Consider an IBM 1403 impact printer. CR moved the print head to the start of the line, but did NOT advance the paper. This allowed for "overprinting", placing multiple lines of output on one line. Things like underlining were achieved this way, as was BOLD print. LF advanced the paper one line. If there was no CR, the next line would print as a staggered-step because LF didn't move the print head. FF advanced the paper to the next page. It typically also moved the print head to the start of the first line on the new page, but you might need CR for that. To be sure, most programmers coded CRFF instead of CRLF at the end of the last line on a page because an extra CR created by FF wouldn't matter.
As a supplement,
1, Carriage return: It's a printer terminology meaning changing the print location to the beginning of current line. In computer world, it means return to the beginning of current line in most cases but stands for new line rarely.
2, Line feed: It's a printer terminology meaning advancing the paper one line. So Carriage return and Line feed are used together to start to print at the beginning of a new line. In computer world, it generally has the same meaning as newline.
3, Form feed: It's a printer terminology, I like the explanation in this thread.

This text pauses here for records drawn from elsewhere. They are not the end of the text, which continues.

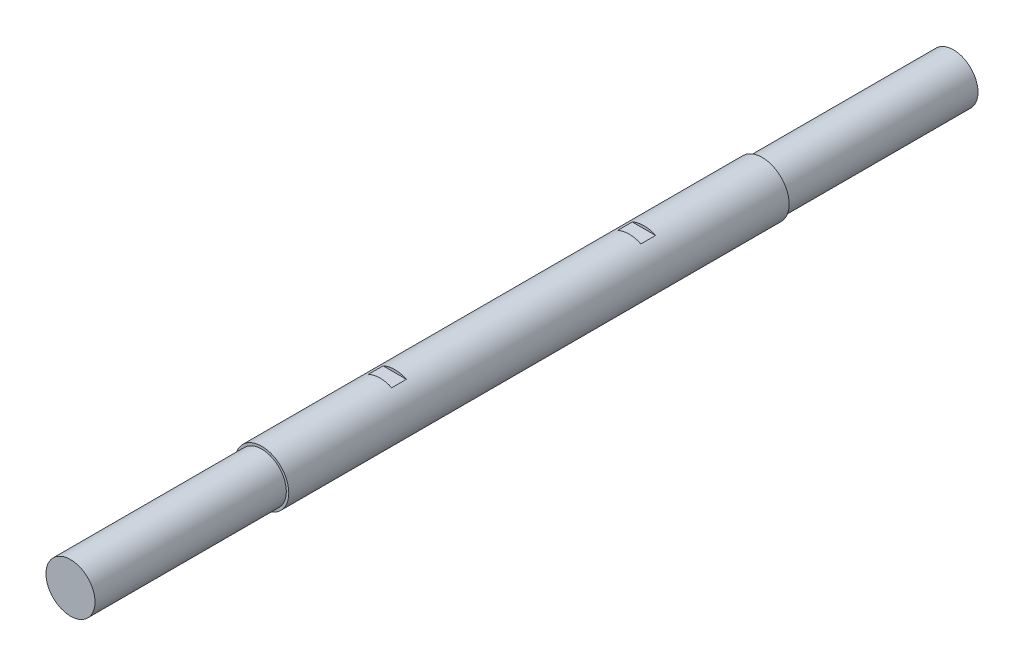
ISO-10303-21;
HEADER;
FILE_DESCRIPTION(('STEP AP214'),'2;1');
FILE_NAME('part.step','',(''),(''),'','','');
FILE_SCHEMA(('AUTOMOTIVE_DESIGN { 1 0 10303 214 1 1 1 1 }'));
ENDSEC;
DATA;
#1=APPLICATION_CONTEXT('core data for automotive mechanical design processes');
#2=APPLICATION_PROTOCOL_DEFINITION('international standard','automotive_design',2000,#1);
#3=PRODUCT_CONTEXT('',#1,'mechanical');
#4=PRODUCT('Part','Part','',(#3));
#5=PRODUCT_RELATED_PRODUCT_CATEGORY('part','',(#4));
#6=PRODUCT_DEFINITION_FORMATION('','',#4);
#7=PRODUCT_DEFINITION_CONTEXT('part definition',#1,'design');
#8=PRODUCT_DEFINITION('design','',#6,#7);
#9=PRODUCT_DEFINITION_SHAPE('','',#8);
#10=(LENGTH_UNIT() NAMED_UNIT(*) SI_UNIT(.MILLI.,.METRE.));
#11=(NAMED_UNIT(*) PLANE_ANGLE_UNIT() SI_UNIT($,.RADIAN.));
#12=(NAMED_UNIT(*) SI_UNIT($,.STERADIAN.) SOLID_ANGLE_UNIT());
#13=UNCERTAINTY_MEASURE_WITH_UNIT(LENGTH_MEASURE(1.E-05),#10,'distance_accuracy_value','');
#14=(GEOMETRIC_REPRESENTATION_CONTEXT(3) GLOBAL_UNCERTAINTY_ASSIGNED_CONTEXT((#13)) GLOBAL_UNIT_ASSIGNED_CONTEXT((#10,
#11,#12)) REPRESENTATION_CONTEXT('',''));
#15=CARTESIAN_POINT('',(0.,0.,0.));
#16=DIRECTION('',(0.,0.,1.));
#17=DIRECTION('',(1.,0.,0.));
#18=AXIS2_PLACEMENT_3D('',#15,#16,#17);
#19=CARTESIAN_POINT('',(0.,0.,-180.));
#20=DIRECTION('',(0.,0.,-1.));
#21=DIRECTION('',(-1.,0.,0.));
#22=AXIS2_PLACEMENT_3D('',#19,#20,#21);
#23=CYLINDRICAL_SURFACE('',#22,11.);
#24=DIRECTION('',(0.,0.,-1.));
#25=VECTOR('',#24,1.);
#26=CARTESIAN_POINT('',(-4.7532725568812,9.91999999999996,-180.));
#27=LINE('',#26,#25);
#28=CARTESIAN_POINT('',(-4.7532725568812,9.91999999999996,-47.8));
#29=VERTEX_POINT('',#28);
#30=CARTESIAN_POINT('',(-4.7532725568812,9.91999999999996,-53.8));
#31=VERTEX_POINT('',#30);
#32=EDGE_CURVE('E78',#29,#31,#27,.T.);
#33=ORIENTED_EDGE('',*,*,#32,.T.);
#34=CARTESIAN_POINT('',(0.,0.,-53.8));
#35=DIRECTION('',(0.,0.,1.));
#36=DIRECTION('',(1.,0.,0.));
#37=AXIS2_PLACEMENT_3D('',#34,#35,#36);
#38=CIRCLE('',#37,11.);
#39=CARTESIAN_POINT('',(4.7532725568812,9.91999999999996,-53.8));
#40=VERTEX_POINT('',#39);
#41=EDGE_CURVE('E11',#31,#40,#38,.F.);
#42=ORIENTED_EDGE('',*,*,#41,.T.);
#43=DIRECTION('',(0.,0.,-1.));
#44=VECTOR('',#43,1.);
#45=CARTESIAN_POINT('',(4.7532725568812,9.91999999999996,-180.));
#46=LINE('',#45,#44);
#47=CARTESIAN_POINT('',(4.7532725568812,9.91999999999996,-47.8));
#48=VERTEX_POINT('',#47);
#49=EDGE_CURVE('E42',#40,#48,#46,.F.);
#50=ORIENTED_EDGE('',*,*,#49,.T.);
#51=CARTESIAN_POINT('',(0.,0.,-47.8));
#52=DIRECTION('',(0.,0.,-1.));
#53=DIRECTION('',(0.,1.,0.));
#54=AXIS2_PLACEMENT_3D('',#51,#52,#53);
#55=CIRCLE('',#54,11.);
#56=EDGE_CURVE('E73',#48,#29,#55,.F.);
#57=ORIENTED_EDGE('',*,*,#56,.T.);
#58=EDGE_LOOP('',(#33,#42,#50,#57));
#59=FACE_BOUND('',#58,.T.);
#60=CARTESIAN_POINT('',(0.,0.,102.));
#61=DIRECTION('',(0.,0.,1.));
#62=DIRECTION('',(1.,0.,0.));
#63=AXIS2_PLACEMENT_3D('',#60,#61,#62);
#64=CIRCLE('',#63,11.);
#65=CARTESIAN_POINT('',(11.,0.,102.));
#66=VERTEX_POINT('',#65);
#67=EDGE_CURVE('E108',#66,#66,#64,.T.);
#68=ORIENTED_EDGE('',*,*,#67,.F.);
#69=EDGE_LOOP('',(#68));
#70=FACE_BOUND('',#69,.T.);
#71=DIRECTION('',(0.,0.,-1.));
#72=VECTOR('',#71,1.);
#73=CARTESIAN_POINT('',(-4.7532725568812,9.91999999999996,-180.));
#74=LINE('',#73,#72);
#75=CARTESIAN_POINT('',(-4.7532725568812,9.91999999999996,47.8));
#76=VERTEX_POINT('',#75);
#77=CARTESIAN_POINT('',(-4.7532725568812,9.91999999999996,53.8));
#78=VERTEX_POINT('',#77);
#79=EDGE_CURVE('E79',#76,#78,#74,.F.);
#80=ORIENTED_EDGE('',*,*,#79,.F.);
#81=CARTESIAN_POINT('',(0.,0.,47.8));
#82=DIRECTION('',(0.,0.,-1.));
#83=DIRECTION('',(0.,1.,0.));
#84=AXIS2_PLACEMENT_3D('',#81,#82,#83);
#85=CIRCLE('',#84,11.);
#86=CARTESIAN_POINT('',(4.7532725568812,9.91999999999996,47.8));
#87=VERTEX_POINT('',#86);
#88=EDGE_CURVE('E94',#87,#76,#85,.F.);
#89=ORIENTED_EDGE('',*,*,#88,.F.);
#90=DIRECTION('',(0.,0.,-1.));
#91=VECTOR('',#90,1.);
#92=CARTESIAN_POINT('',(4.7532725568812,9.91999999999996,-180.));
#93=LINE('',#92,#91);
#94=CARTESIAN_POINT('',(4.7532725568812,9.91999999999996,53.8));
#95=VERTEX_POINT('',#94);
#96=EDGE_CURVE('E96',#95,#87,#93,.T.);
#97=ORIENTED_EDGE('',*,*,#96,.F.);
#98=CARTESIAN_POINT('',(0.,0.,53.8));
#99=DIRECTION('',(0.,0.,1.));
#100=DIRECTION('',(1.,0.,0.));
#101=AXIS2_PLACEMENT_3D('',#98,#99,#100);
#102=CIRCLE('',#101,11.);
#103=EDGE_CURVE('E92',#78,#95,#102,.F.);
#104=ORIENTED_EDGE('',*,*,#103,.F.);
#105=EDGE_LOOP('',(#80,#89,#97,#104));
#106=FACE_BOUND('',#105,.T.);
#107=CARTESIAN_POINT('',(0.,0.,-102.));
#108=DIRECTION('',(0.,0.,1.));
#109=DIRECTION('',(1.,0.,0.));
#110=AXIS2_PLACEMENT_3D('',#107,#108,#109);
#111=CIRCLE('',#110,11.);
#112=CARTESIAN_POINT('',(11.,0.,-102.));
#113=VERTEX_POINT('',#112);
#114=EDGE_CURVE('E117',#113,#113,#111,.T.);
#115=ORIENTED_EDGE('',*,*,#114,.T.);
#116=EDGE_LOOP('',(#115));
#117=FACE_BOUND('',#116,.T.);
#118=ADVANCED_FACE('F34',(#59,#70,#106,#117),#23,.T.);
#119=CARTESIAN_POINT('',(-11.,19.92,53.8));
#120=DIRECTION('',(0.,0.,1.));
#121=DIRECTION('',(1.,0.,0.));
#122=AXIS2_PLACEMENT_3D('',#119,#120,#121);
#123=PLANE('',#122);
#124=ORIENTED_EDGE('',*,*,#103,.T.);
#125=DIRECTION('',(1.,0.,0.));
#126=VECTOR('',#125,1.);
#127=CARTESIAN_POINT('',(-11.,9.91999999999996,53.8));
#128=LINE('',#127,#126);
#129=EDGE_CURVE('E56',#78,#95,#128,.T.);
#130=ORIENTED_EDGE('',*,*,#129,.F.);
#131=EDGE_LOOP('',(#124,#130));
#132=FACE_BOUND('',#131,.T.);
#133=ADVANCED_FACE('F138',(#132),#123,.F.);
#134=CARTESIAN_POINT('',(-11.,19.92,47.8));
#135=DIRECTION('',(0.,0.,-1.));
#136=DIRECTION('',(0.,1.,0.));
#137=AXIS2_PLACEMENT_3D('',#134,#135,#136);
#138=PLANE('',#137);
#139=ORIENTED_EDGE('',*,*,#88,.T.);
#140=DIRECTION('',(1.,0.,0.));
#141=VECTOR('',#140,1.);
#142=CARTESIAN_POINT('',(-11.,9.91999999999996,47.8));
#143=LINE('',#142,#141);
#144=EDGE_CURVE('E98',#76,#87,#143,.T.);
#145=ORIENTED_EDGE('',*,*,#144,.T.);
#146=EDGE_LOOP('',(#139,#145));
#147=FACE_BOUND('',#146,.T.);
#148=ADVANCED_FACE('F142',(#147),#138,.F.);
#149=CARTESIAN_POINT('',(-11.,9.91999999999996,53.8));
#150=DIRECTION('',(0.,-1.,0.));
#151=DIRECTION('',(0.,0.,-1.));
#152=AXIS2_PLACEMENT_3D('',#149,#150,#151);
#153=PLANE('',#152);
#154=ORIENTED_EDGE('',*,*,#79,.T.);
#155=ORIENTED_EDGE('',*,*,#129,.T.);
#156=ORIENTED_EDGE('',*,*,#96,.T.);
#157=ORIENTED_EDGE('',*,*,#144,.F.);
#158=EDGE_LOOP('',(#154,#155,#156,#157));
#159=FACE_BOUND('',#158,.T.);
#160=ADVANCED_FACE('F152',(#159),#153,.F.);
#161=CARTESIAN_POINT('',(0.,0.,180.));
#162=DIRECTION('',(0.,0.,1.));
#163=DIRECTION('',(1.,0.,0.));
#164=AXIS2_PLACEMENT_3D('',#161,#162,#163);
#165=CYLINDRICAL_SURFACE('',#164,10.);
#166=CARTESIAN_POINT('',(0.,0.,102.));
#167=DIRECTION('',(0.,0.,1.));
#168=DIRECTION('',(1.,0.,0.));
#169=AXIS2_PLACEMENT_3D('',#166,#167,#168);
#170=CIRCLE('',#169,10.);
#171=CARTESIAN_POINT('',(10.,0.,102.));
#172=VERTEX_POINT('',#171);
#173=EDGE_CURVE('E105',#172,#172,#170,.T.);
#174=ORIENTED_EDGE('',*,*,#173,.T.);
#175=EDGE_LOOP('',(#174));
#176=FACE_BOUND('',#175,.T.);
#177=CARTESIAN_POINT('',(0.,0.,180.));
#178=DIRECTION('',(0.,0.,1.));
#179=DIRECTION('',(1.,0.,0.));
#180=AXIS2_PLACEMENT_3D('',#177,#178,#179);
#181=CIRCLE('',#180,10.);
#182=CARTESIAN_POINT('',(10.,0.,180.));
#183=VERTEX_POINT('',#182);
#184=EDGE_CURVE('E100',#183,#183,#181,.T.);
#185=ORIENTED_EDGE('',*,*,#184,.F.);
#186=EDGE_LOOP('',(#185));
#187=FACE_BOUND('',#186,.T.);
#188=ADVANCED_FACE('F155',(#176,#187),#165,.T.);
#189=CARTESIAN_POINT('',(0.,11.,102.));
#190=DIRECTION('',(0.,0.,1.));
#191=DIRECTION('',(1.,0.,0.));
#192=AXIS2_PLACEMENT_3D('',#189,#190,#191);
#193=PLANE('',#192);
#194=ORIENTED_EDGE('',*,*,#67,.T.);
#195=EDGE_LOOP('',(#194));
#196=FACE_BOUND('',#195,.T.);
#197=ORIENTED_EDGE('',*,*,#173,.F.);
#198=EDGE_LOOP('',(#197));
#199=FACE_BOUND('',#198,.T.);
#200=ADVANCED_FACE('F149',(#196,#199),#193,.T.);
#201=CARTESIAN_POINT('',(0.,0.,180.));
#202=DIRECTION('',(0.,0.,1.));
#203=DIRECTION('',(1.,0.,0.));
#204=AXIS2_PLACEMENT_3D('',#201,#202,#203);
#205=PLANE('',#204);
#206=ORIENTED_EDGE('',*,*,#184,.T.);
#207=EDGE_LOOP('',(#206));
#208=FACE_BOUND('',#207,.T.);
#209=ADVANCED_FACE('F146',(#208),#205,.T.);
#210=CARTESIAN_POINT('',(-11.,19.92,-53.8));
#211=DIRECTION('',(0.,0.,1.));
#212=DIRECTION('',(1.,0.,0.));
#213=AXIS2_PLACEMENT_3D('',#210,#211,#212);
#214=PLANE('',#213);
#215=DIRECTION('',(1.,0.,0.));
#216=VECTOR('',#215,1.);
#217=CARTESIAN_POINT('',(-11.,9.91999999999996,-53.8));
#218=LINE('',#217,#216);
#219=EDGE_CURVE('E85',#31,#40,#218,.T.);
#220=ORIENTED_EDGE('',*,*,#219,.T.);
#221=ORIENTED_EDGE('',*,*,#41,.F.);
#222=EDGE_LOOP('',(#220,#221));
#223=FACE_BOUND('',#222,.T.);
#224=ADVANCED_FACE('F148',(#223),#214,.T.);
#225=CARTESIAN_POINT('',(-11.,9.91999999999996,-53.8));
#226=DIRECTION('',(0.,1.,0.));
#227=DIRECTION('',(0.,0.,1.));
#228=AXIS2_PLACEMENT_3D('',#225,#226,#227);
#229=PLANE('',#228);
#230=ORIENTED_EDGE('',*,*,#219,.F.);
#231=ORIENTED_EDGE('',*,*,#32,.F.);
#232=DIRECTION('',(1.,0.,0.));
#233=VECTOR('',#232,1.);
#234=CARTESIAN_POINT('',(-11.,9.91999999999996,-47.8));
#235=LINE('',#234,#233);
#236=EDGE_CURVE('E48',#29,#48,#235,.T.);
#237=ORIENTED_EDGE('',*,*,#236,.T.);
#238=ORIENTED_EDGE('',*,*,#49,.F.);
#239=EDGE_LOOP('',(#230,#231,#237,#238));
#240=FACE_BOUND('',#239,.T.);
#241=ADVANCED_FACE('F83',(#240),#229,.T.);
#242=CARTESIAN_POINT('',(-11.,19.92,-47.8));
#243=DIRECTION('',(0.,0.,-1.));
#244=DIRECTION('',(0.,1.,0.));
#245=AXIS2_PLACEMENT_3D('',#242,#243,#244);
#246=PLANE('',#245);
#247=ORIENTED_EDGE('',*,*,#236,.F.);
#248=ORIENTED_EDGE('',*,*,#56,.F.);
#249=EDGE_LOOP('',(#247,#248));
#250=FACE_BOUND('',#249,.T.);
#251=ADVANCED_FACE('F74',(#250),#246,.T.);
#252=CARTESIAN_POINT('',(0.,0.,-102.));
#253=DIRECTION('',(0.,0.,-1.));
#254=DIRECTION('',(1.,0.,0.));
#255=AXIS2_PLACEMENT_3D('',#252,#253,#254);
#256=CYLINDRICAL_SURFACE('',#255,10.);
#257=CARTESIAN_POINT('',(0.,0.,-102.));
#258=DIRECTION('',(0.,0.,1.));
#259=DIRECTION('',(1.,0.,0.));
#260=AXIS2_PLACEMENT_3D('',#257,#258,#259);
#261=CIRCLE('',#260,10.);
#262=CARTESIAN_POINT('',(10.,0.,-102.));
#263=VERTEX_POINT('',#262);
#264=EDGE_CURVE('E114',#263,#263,#261,.T.);
#265=ORIENTED_EDGE('',*,*,#264,.F.);
#266=EDGE_LOOP('',(#265));
#267=FACE_BOUND('',#266,.T.);
#268=CARTESIAN_POINT('',(0.,0.,-180.));
#269=DIRECTION('',(0.,0.,1.));
#270=DIRECTION('',(1.,0.,0.));
#271=AXIS2_PLACEMENT_3D('',#268,#269,#270);
#272=CIRCLE('',#271,10.);
#273=CARTESIAN_POINT('',(10.,0.,-180.));
#274=VERTEX_POINT('',#273);
#275=EDGE_CURVE('E86',#274,#274,#272,.T.);
#276=ORIENTED_EDGE('',*,*,#275,.T.);
#277=EDGE_LOOP('',(#276));
#278=FACE_BOUND('',#277,.T.);
#279=ADVANCED_FACE('F125',(#267,#278),#256,.T.);
#280=CARTESIAN_POINT('',(0.,11.,-102.));
#281=DIRECTION('',(0.,0.,-1.));
#282=DIRECTION('',(1.,0.,0.));
#283=AXIS2_PLACEMENT_3D('',#280,#281,#282);
#284=PLANE('',#283);
#285=ORIENTED_EDGE('',*,*,#114,.F.);
#286=EDGE_LOOP('',(#285));
#287=FACE_BOUND('',#286,.T.);
#288=ORIENTED_EDGE('',*,*,#264,.T.);
#289=EDGE_LOOP('',(#288));
#290=FACE_BOUND('',#289,.T.);
#291=ADVANCED_FACE('F122',(#287,#290),#284,.T.);
#292=CARTESIAN_POINT('',(0.,0.,-180.));
#293=DIRECTION('',(0.,0.,-1.));
#294=DIRECTION('',(-1.,0.,0.));
#295=AXIS2_PLACEMENT_3D('',#292,#293,#294);
#296=PLANE('',#295);
#297=ORIENTED_EDGE('',*,*,#275,.F.);
#298=EDGE_LOOP('',(#297));
#299=FACE_BOUND('',#298,.T.);
#300=ADVANCED_FACE('F36',(#299),#296,.T.);
#301=CLOSED_SHELL('',(#118,#133,#148,#160,#188,#200,#209,#224,#241,#251,#279,#291,#300));
#302=MANIFOLD_SOLID_BREP('B2',#301);
#303=ADVANCED_BREP_SHAPE_REPRESENTATION('',(#18,#302),#14);
#304=SHAPE_DEFINITION_REPRESENTATION(#9,#303);
ENDSEC;
END-ISO-10303-21;

If you were programming for a 1980s-style printer, it would eject the
paper and start a new page. You are virtually certain to never need
it.
http://en.wikipedia.org/wiki/Form_feed
It's almost obsolete and you can refer to Escape sequence \f - form feed - what exactly is it? for detailed explanation.
Note, we can use CR or LF or CRLF to stand for newline in some platforms but newline can't be stood by them in some other platforms. Refer to wiki Newline for details.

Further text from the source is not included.